● WHAT YOU ARE ASKED TO DO
Among the lines below, restate word for word only those from the line with "#15=CARTESIAN_POINT('',(0.,0.,0.));" through the line with "#53=LINE('',#52,#51);", with both end lines kept.

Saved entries
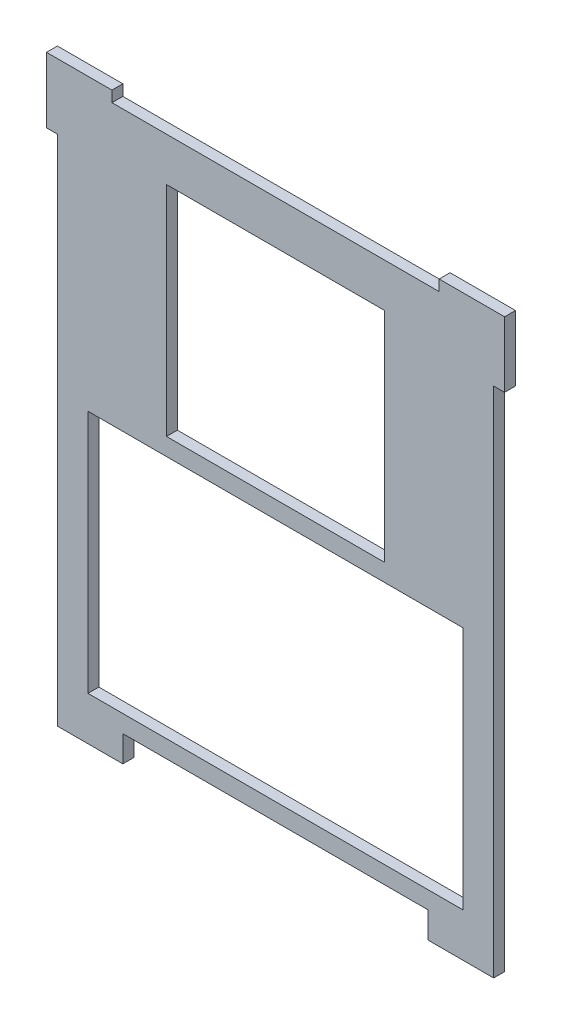
ISO-10303-21;
HEADER;
FILE_DESCRIPTION(('STEP AP214'),'2;1');
FILE_NAME('part.step','',(''),(''),'','','');
FILE_SCHEMA(('AUTOMOTIVE_DESIGN { 1 0 10303 214 1 1 1 1 }'));
ENDSEC;
DATA;
#1=APPLICATION_CONTEXT('core data for automotive mechanical design processes');
#2=APPLICATION_PROTOCOL_DEFINITION('international standard','automotive_design',2000,#1);
#3=PRODUCT_CONTEXT('',#1,'mechanical');
#4=PRODUCT('Part','Part','',(#3));
#5=PRODUCT_RELATED_PRODUCT_CATEGORY('part','',(#4));
#6=PRODUCT_DEFINITION_FORMATION('','',#4);
#7=PRODUCT_DEFINITION_CONTEXT('part definition',#1,'design');
#8=PRODUCT_DEFINITION('design','',#6,#7);
#9=PRODUCT_DEFINITION_SHAPE('','',#8);
#10=(LENGTH_UNIT() NAMED_UNIT(*) SI_UNIT(.MILLI.,.METRE.));
#11=(NAMED_UNIT(*) PLANE_ANGLE_UNIT() SI_UNIT($,.RADIAN.));
#12=(NAMED_UNIT(*) SI_UNIT($,.STERADIAN.) SOLID_ANGLE_UNIT());
#13=UNCERTAINTY_MEASURE_WITH_UNIT(LENGTH_MEASURE(1.E-05),#10,'distance_accuracy_value','');
#14=(GEOMETRIC_REPRESENTATION_CONTEXT(3) GLOBAL_UNCERTAINTY_ASSIGNED_CONTEXT((#13)) GLOBAL_UNIT_ASSIGNED_CONTEXT((#10,
#11,#12)) REPRESENTATION_CONTEXT('',''));
#15=CARTESIAN_POINT('',(0.,0.,0.));
#16=DIRECTION('',(0.,0.,1.));
#17=DIRECTION('',(1.,0.,0.));
#18=AXIS2_PLACEMENT_3D('',#15,#16,#17);
#19=CARTESIAN_POINT('',(-63.5,-88.9,3.175));
#20=DIRECTION('',(1.,0.,0.));
#21=DIRECTION('',(0.,0.,-1.));
#22=AXIS2_PLACEMENT_3D('',#19,#20,#21);
#23=PLANE('',#22);
#24=DIRECTION('',(0.,-1.,0.));
#25=VECTOR('',#24,1.);
#26=CARTESIAN_POINT('',(-63.5,-88.9,0.));
#27=LINE('',#26,#25);
#28=CARTESIAN_POINT('',(-63.5,73.025,0.));
#29=VERTEX_POINT('',#28);
#30=CARTESIAN_POINT('',(-63.5,-76.2,0.));
#31=VERTEX_POINT('',#30);
#32=EDGE_CURVE('E365',#29,#31,#27,.T.);
#33=ORIENTED_EDGE('',*,*,#32,.T.);
#34=DIRECTION('',(0.,0.,1.));
#35=VECTOR('',#34,1.);
#36=CARTESIAN_POINT('',(-63.5,-76.2,-0.00100000000000013));
#37=LINE('',#36,#35);
#38=CARTESIAN_POINT('',(-63.5,-76.2,3.175));
#39=VERTEX_POINT('',#38);
#40=EDGE_CURVE('E238',#31,#39,#37,.T.);
#41=ORIENTED_EDGE('',*,*,#40,.T.);
#42=DIRECTION('',(0.,-1.,0.));
#43=VECTOR('',#42,1.);
#44=CARTESIAN_POINT('',(-63.5,-88.9,3.175));
#45=LINE('',#44,#43);
#46=CARTESIAN_POINT('',(-63.5,73.025,3.175));
#47=VERTEX_POINT('',#46);
#48=EDGE_CURVE('E372',#47,#39,#45,.T.);
#49=ORIENTED_EDGE('',*,*,#48,.F.);
#50=DIRECTION('',(0.,0.,-1.));
#51=VECTOR('',#50,1.);
#52=CARTESIAN_POINT('',(-63.5,73.025,3.175));
#53=LINE('',#52,#51);
#54=EDGE_CURVE('E297',#47,#29,#53,.T.);
#55=ORIENTED_EDGE('',*,*,#54,.T.);
#56=EDGE_LOOP('',(#33,#41,#49,#55));
#57=FACE_BOUND('',#56,.T.);
#58=ADVANCED_FACE('F32',(#57),#23,.F.);
#59=CARTESIAN_POINT('',(63.5,-88.9,3.175));
#60=DIRECTION('',(-1.,0.,0.));
#61=DIRECTION('',(0.,0.,1.));
#62=AXIS2_PLACEMENT_3D('',#59,#60,#61);
#63=PLANE('',#62);
#64=DIRECTION('',(0.,1.,0.));
#65=VECTOR('',#64,1.);
#66=CARTESIAN_POINT('',(63.5,-88.9,3.175));
#67=LINE('',#66,#65);
#68=CARTESIAN_POINT('',(63.5,-76.2,3.175));
#69=VERTEX_POINT('',#68);
#70=CARTESIAN_POINT('',(63.5,73.025,3.175));
#71=VERTEX_POINT('',#70);
#72=EDGE_CURVE('E40',#69,#71,#67,.T.);
#73=ORIENTED_EDGE('',*,*,#72,.F.);
#74=DIRECTION('',(0.,0.,1.));
#75=VECTOR('',#74,1.);
#76=CARTESIAN_POINT('',(63.5,-76.2,-0.00100000000000013));
#77=LINE('',#76,#75);
#78=CARTESIAN_POINT('',(63.5,-76.2,0.));
#79=VERTEX_POINT('',#78);
#80=EDGE_CURVE('E227',#79,#69,#77,.T.);
#81=ORIENTED_EDGE('',*,*,#80,.F.);
#82=DIRECTION('',(0.,1.,0.));
#83=VECTOR('',#82,1.);
#84=CARTESIAN_POINT('',(63.5,-88.9,0.));
#85=LINE('',#84,#83);
#86=CARTESIAN_POINT('',(63.5,73.025,0.));
#87=VERTEX_POINT('',#86);
#88=EDGE_CURVE('E377',#79,#87,#85,.T.);
#89=ORIENTED_EDGE('',*,*,#88,.T.);
#90=DIRECTION('',(0.,0.,1.));
#91=VECTOR('',#90,1.);
#92=CARTESIAN_POINT('',(63.5,73.025,3.175));
#93=LINE('',#92,#91);
#94=EDGE_CURVE('E271',#87,#71,#93,.T.);
#95=ORIENTED_EDGE('',*,*,#94,.T.);
#96=EDGE_LOOP('',(#73,#81,#89,#95));
#97=FACE_BOUND('',#96,.T.);
#98=ADVANCED_FACE('F420',(#97),#63,.F.);
#99=CARTESIAN_POINT('',(63.5,88.9,3.175));
#100=DIRECTION('',(0.,-1.,0.));
#101=DIRECTION('',(1.,0.,0.));
#102=AXIS2_PLACEMENT_3D('',#99,#100,#101);
#103=PLANE('',#102);
#104=DIRECTION('',(-1.,0.,0.));
#105=VECTOR('',#104,1.);
#106=CARTESIAN_POINT('',(63.5,88.9,3.175));
#107=LINE('',#106,#105);
#108=CARTESIAN_POINT('',(47.625,88.9,3.175));
#109=VERTEX_POINT('',#108);
#110=CARTESIAN_POINT('',(-47.625,88.9,3.175));
#111=VERTEX_POINT('',#110);
#112=EDGE_CURVE('E11',#109,#111,#107,.T.);
#113=ORIENTED_EDGE('',*,*,#112,.F.);
#114=DIRECTION('',(0.,0.,-1.));
#115=VECTOR('',#114,1.);
#116=CARTESIAN_POINT('',(47.625,88.9,3.175));
#117=LINE('',#116,#115);
#118=CARTESIAN_POINT('',(47.625,88.9,0.));
#119=VERTEX_POINT('',#118);
#120=EDGE_CURVE('E264',#109,#119,#117,.T.);
#121=ORIENTED_EDGE('',*,*,#120,.T.);
#122=DIRECTION('',(-1.,0.,0.));
#123=VECTOR('',#122,1.);
#124=CARTESIAN_POINT('',(63.5,88.9,0.));
#125=LINE('',#124,#123);
#126=CARTESIAN_POINT('',(-47.625,88.9,0.));
#127=VERTEX_POINT('',#126);
#128=EDGE_CURVE('E35',#119,#127,#125,.T.);
#129=ORIENTED_EDGE('',*,*,#128,.T.);
#130=DIRECTION('',(0.,0.,1.));
#131=VECTOR('',#130,1.);
#132=CARTESIAN_POINT('',(-47.625,88.9,3.175));
#133=LINE('',#132,#131);
#134=EDGE_CURVE('E304',#127,#111,#133,.T.);
#135=ORIENTED_EDGE('',*,*,#134,.T.);
#136=EDGE_LOOP('',(#113,#121,#129,#135));
#137=FACE_BOUND('',#136,.T.);
#138=ADVANCED_FACE('F385',(#137),#103,.F.);
#139=CARTESIAN_POINT('',(0.,0.,3.175));
#140=DIRECTION('',(0.,0.,1.));
#141=DIRECTION('',(1.,0.,0.));
#142=AXIS2_PLACEMENT_3D('',#139,#140,#141);
#143=PLANE('',#142);
#144=DIRECTION('',(0.,-1.,0.));
#145=VECTOR('',#144,1.);
#146=CARTESIAN_POINT('',(-44.45,-76.2,3.175));
#147=LINE('',#146,#145);
#148=CARTESIAN_POINT('',(-44.45,-68.58,3.175));
#149=VERTEX_POINT('',#148);
#150=CARTESIAN_POINT('',(-44.45,-76.2,3.175));
#151=VERTEX_POINT('',#150);
#152=EDGE_CURVE('E216',#149,#151,#147,.T.);
#153=ORIENTED_EDGE('',*,*,#152,.F.);
#154=DIRECTION('',(-1.,0.,0.));
#155=VECTOR('',#154,1.);
#156=CARTESIAN_POINT('',(-44.45,-68.58,3.175));
#157=LINE('',#156,#155);
#158=CARTESIAN_POINT('',(44.45,-68.58,3.175));
#159=VERTEX_POINT('',#158);
#160=EDGE_CURVE('E220',#159,#149,#157,.T.);
#161=ORIENTED_EDGE('',*,*,#160,.F.);
#162=DIRECTION('',(0.,1.,0.));
#163=VECTOR('',#162,1.);
#164=CARTESIAN_POINT('',(44.45,-76.2,3.175));
#165=LINE('',#164,#163);
#166=CARTESIAN_POINT('',(44.45,-76.2,3.175));
#167=VERTEX_POINT('',#166);
#168=EDGE_CURVE('E196',#167,#159,#165,.T.);
#169=ORIENTED_EDGE('',*,*,#168,.F.);
#170=DIRECTION('',(-1.,0.,0.));
#171=VECTOR('',#170,1.);
#172=CARTESIAN_POINT('',(63.5,-76.2,3.175));
#173=LINE('',#172,#171);
#174=EDGE_CURVE('E223',#69,#167,#173,.T.);
#175=ORIENTED_EDGE('',*,*,#174,.F.);
#176=ORIENTED_EDGE('',*,*,#72,.T.);
#177=DIRECTION('',(1.,0.,0.));
#178=VECTOR('',#177,1.);
#179=CARTESIAN_POINT('',(60.325,73.025,3.175));
#180=LINE('',#179,#178);
#181=CARTESIAN_POINT('',(66.675,73.025,3.175));
#182=VERTEX_POINT('',#181);
#183=EDGE_CURVE('E257',#71,#182,#180,.T.);
#184=ORIENTED_EDGE('',*,*,#183,.T.);
#185=DIRECTION('',(0.,1.,0.));
#186=VECTOR('',#185,1.);
#187=CARTESIAN_POINT('',(66.675,85.725,3.175));
#188=LINE('',#187,#186);
#189=CARTESIAN_POINT('',(66.675,92.075,3.175));
#190=VERTEX_POINT('',#189);
#191=EDGE_CURVE('E248',#182,#190,#188,.T.);
#192=ORIENTED_EDGE('',*,*,#191,.T.);
#193=DIRECTION('',(-1.,0.,0.));
#194=VECTOR('',#193,1.);
#195=CARTESIAN_POINT('',(60.325,92.075,3.175));
#196=LINE('',#195,#194);
#197=CARTESIAN_POINT('',(47.625,92.075,3.175));
#198=VERTEX_POINT('',#197);
#199=EDGE_CURVE('E241',#190,#198,#196,.T.);
#200=ORIENTED_EDGE('',*,*,#199,.T.);
#201=DIRECTION('',(0.,-1.,0.));
#202=VECTOR('',#201,1.);
#203=CARTESIAN_POINT('',(47.625,85.725,3.175));
#204=LINE('',#203,#202);
#205=EDGE_CURVE('E55',#198,#109,#204,.T.);
#206=ORIENTED_EDGE('',*,*,#205,.T.);
#207=ORIENTED_EDGE('',*,*,#112,.T.);
#208=DIRECTION('',(0.,1.,0.));
#209=VECTOR('',#208,1.);
#210=CARTESIAN_POINT('',(-47.625,92.075,3.175));
#211=LINE('',#210,#209);
#212=CARTESIAN_POINT('',(-47.625,92.075,3.175));
#213=VERTEX_POINT('',#212);
#214=EDGE_CURVE('E290',#111,#213,#211,.T.);
#215=ORIENTED_EDGE('',*,*,#214,.T.);
#216=DIRECTION('',(-1.,0.,0.));
#217=VECTOR('',#216,1.);
#218=CARTESIAN_POINT('',(-60.325,92.075,3.175));
#219=LINE('',#218,#217);
#220=CARTESIAN_POINT('',(-66.675,92.075,3.175));
#221=VERTEX_POINT('',#220);
#222=EDGE_CURVE('E278',#213,#221,#219,.T.);
#223=ORIENTED_EDGE('',*,*,#222,.T.);
#224=DIRECTION('',(0.,-1.,0.));
#225=VECTOR('',#224,1.);
#226=CARTESIAN_POINT('',(-66.675,85.725,3.175));
#227=LINE('',#226,#225);
#228=CARTESIAN_POINT('',(-66.675,73.025,3.175));
#229=VERTEX_POINT('',#228);
#230=EDGE_CURVE('E274',#221,#229,#227,.T.);
#231=ORIENTED_EDGE('',*,*,#230,.T.);
#232=DIRECTION('',(1.,0.,0.));
#233=VECTOR('',#232,1.);
#234=CARTESIAN_POINT('',(-66.675,73.025,3.175));
#235=LINE('',#234,#233);
#236=EDGE_CURVE('E287',#229,#47,#235,.T.);
#237=ORIENTED_EDGE('',*,*,#236,.T.);
#238=ORIENTED_EDGE('',*,*,#48,.T.);
#239=DIRECTION('',(-1.,0.,0.));
#240=VECTOR('',#239,1.);
#241=CARTESIAN_POINT('',(-63.5,-76.2,3.175));
#242=LINE('',#241,#240);
#243=EDGE_CURVE('E235',#151,#39,#242,.T.);
#244=ORIENTED_EDGE('',*,*,#243,.F.);
#245=EDGE_LOOP('',(#153,#161,#169,#175,#176,#184,#192,#200,#206,#207,#215,#223,#231,#237,#238,#244));
#246=FACE_BOUND('',#245,.T.);
#247=DIRECTION('',(0.,-1.,0.));
#248=VECTOR('',#247,1.);
#249=CARTESIAN_POINT('',(-54.61,-63.5,3.175));
#250=LINE('',#249,#248);
#251=CARTESIAN_POINT('',(-54.61,7.62,3.175));
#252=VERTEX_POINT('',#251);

● TASK SOLUTION
#15=CARTESIAN_POINT('',(0.,0.,0.));
#16=DIRECTION('',(0.,0.,1.));
#17=DIRECTION('',(1.,0.,0.));
#18=AXIS2_PLACEMENT_3D('',#15,#16,#17);
#19=CARTESIAN_POINT('',(-63.5,-88.9,3.175));
#20=DIRECTION('',(1.,0.,0.));
#21=DIRECTION('',(0.,0.,-1.));
#22=AXIS2_PLACEMENT_3D('',#19,#20,#21);
#23=PLANE('',#22);
#24=DIRECTION('',(0.,-1.,0.));
#25=VECTOR('',#24,1.);
#26=CARTESIAN_POINT('',(-63.5,-88.9,0.));
#27=LINE('',#26,#25);
#28=CARTESIAN_POINT('',(-63.5,73.025,0.));
#29=VERTEX_POINT('',#28);
#30=CARTESIAN_POINT('',(-63.5,-76.2,0.));
#31=VERTEX_POINT('',#30);
#32=EDGE_CURVE('E365',#29,#31,#27,.T.);
#33=ORIENTED_EDGE('',*,*,#32,.T.);
#34=DIRECTION('',(0.,0.,1.));
#35=VECTOR('',#34,1.);
#36=CARTESIAN_POINT('',(-63.5,-76.2,-0.00100000000000013));
#37=LINE('',#36,#35);
#38=CARTESIAN_POINT('',(-63.5,-76.2,3.175));
#39=VERTEX_POINT('',#38);
#40=EDGE_CURVE('E238',#31,#39,#37,.T.);
#41=ORIENTED_EDGE('',*,*,#40,.T.);
#42=DIRECTION('',(0.,-1.,0.));
#43=VECTOR('',#42,1.);
#44=CARTESIAN_POINT('',(-63.5,-88.9,3.175));
#45=LINE('',#44,#43);
#46=CARTESIAN_POINT('',(-63.5,73.025,3.175));
#47=VERTEX_POINT('',#46);
#48=EDGE_CURVE('E372',#47,#39,#45,.T.);
#49=ORIENTED_EDGE('',*,*,#48,.F.);
#50=DIRECTION('',(0.,0.,-1.));
#51=VECTOR('',#50,1.);
#52=CARTESIAN_POINT('',(-63.5,73.025,3.175));
#53=LINE('',#52,#51);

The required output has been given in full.